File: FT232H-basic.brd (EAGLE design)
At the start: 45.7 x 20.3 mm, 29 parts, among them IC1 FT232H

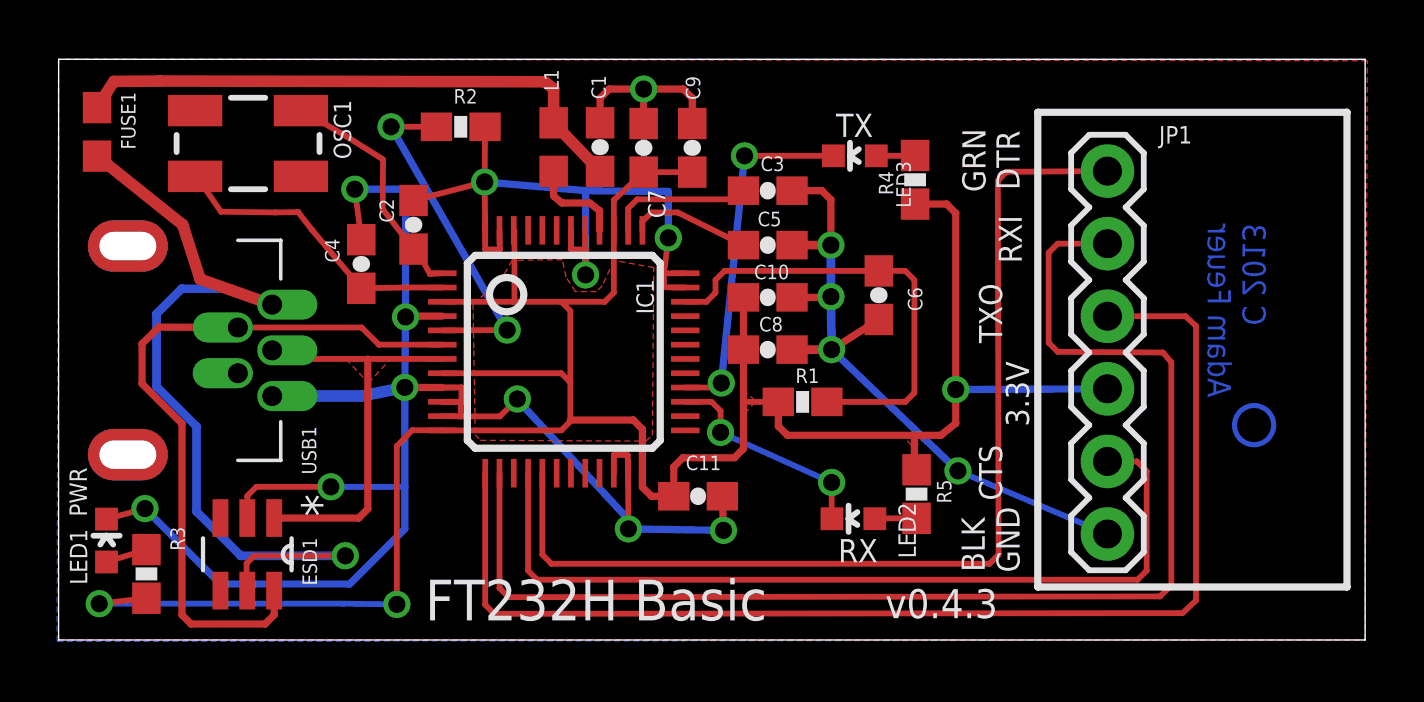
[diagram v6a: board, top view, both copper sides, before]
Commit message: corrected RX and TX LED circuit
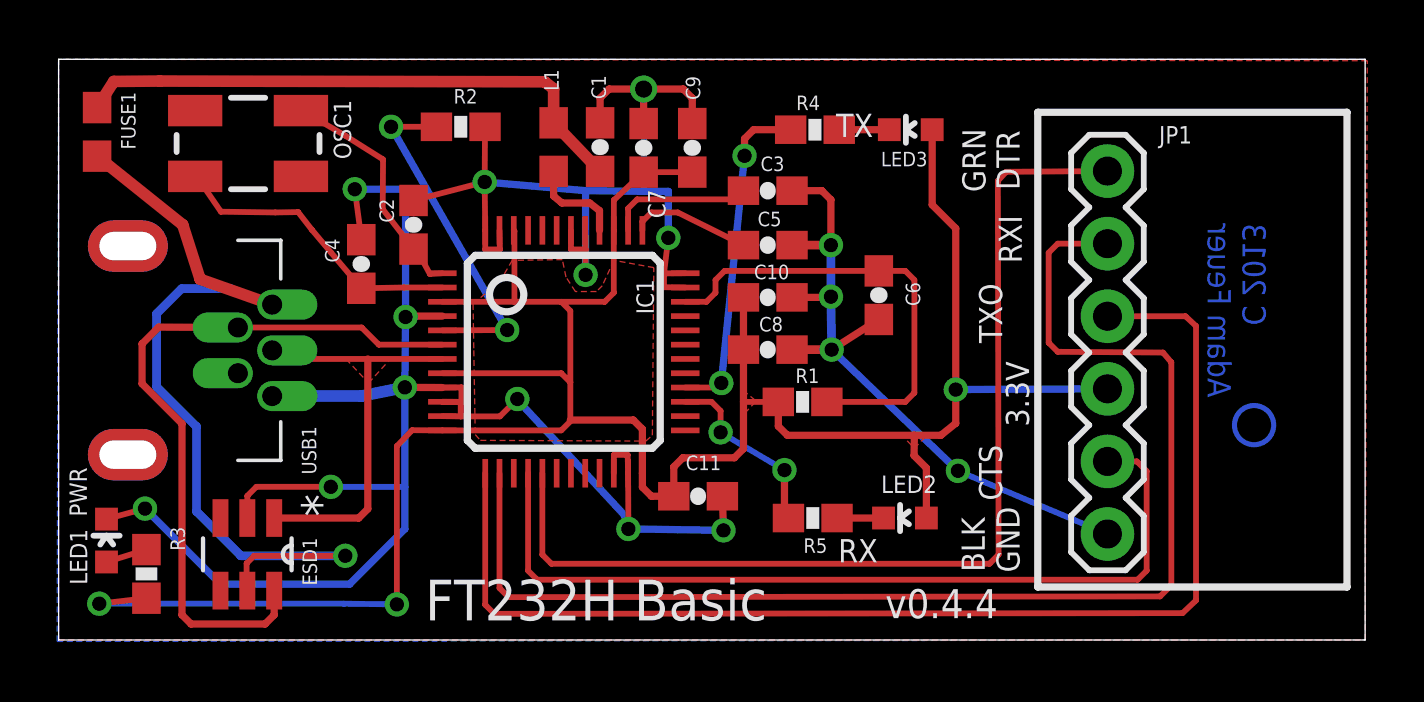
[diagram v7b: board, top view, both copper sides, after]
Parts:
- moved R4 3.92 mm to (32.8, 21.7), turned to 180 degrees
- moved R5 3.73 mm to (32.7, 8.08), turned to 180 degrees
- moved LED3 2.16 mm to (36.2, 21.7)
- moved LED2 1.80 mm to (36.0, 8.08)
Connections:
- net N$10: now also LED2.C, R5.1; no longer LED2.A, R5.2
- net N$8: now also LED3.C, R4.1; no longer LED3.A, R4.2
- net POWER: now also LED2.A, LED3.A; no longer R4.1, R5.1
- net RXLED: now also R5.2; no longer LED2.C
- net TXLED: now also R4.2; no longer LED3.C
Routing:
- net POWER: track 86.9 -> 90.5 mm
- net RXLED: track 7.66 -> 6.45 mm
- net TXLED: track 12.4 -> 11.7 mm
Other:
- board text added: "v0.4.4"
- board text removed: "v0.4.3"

════════════════════

→ Required action
Find the number of lines in the listing that carry the word "sides". Only that figure should appear in the reply.

→ Output for this exercise
2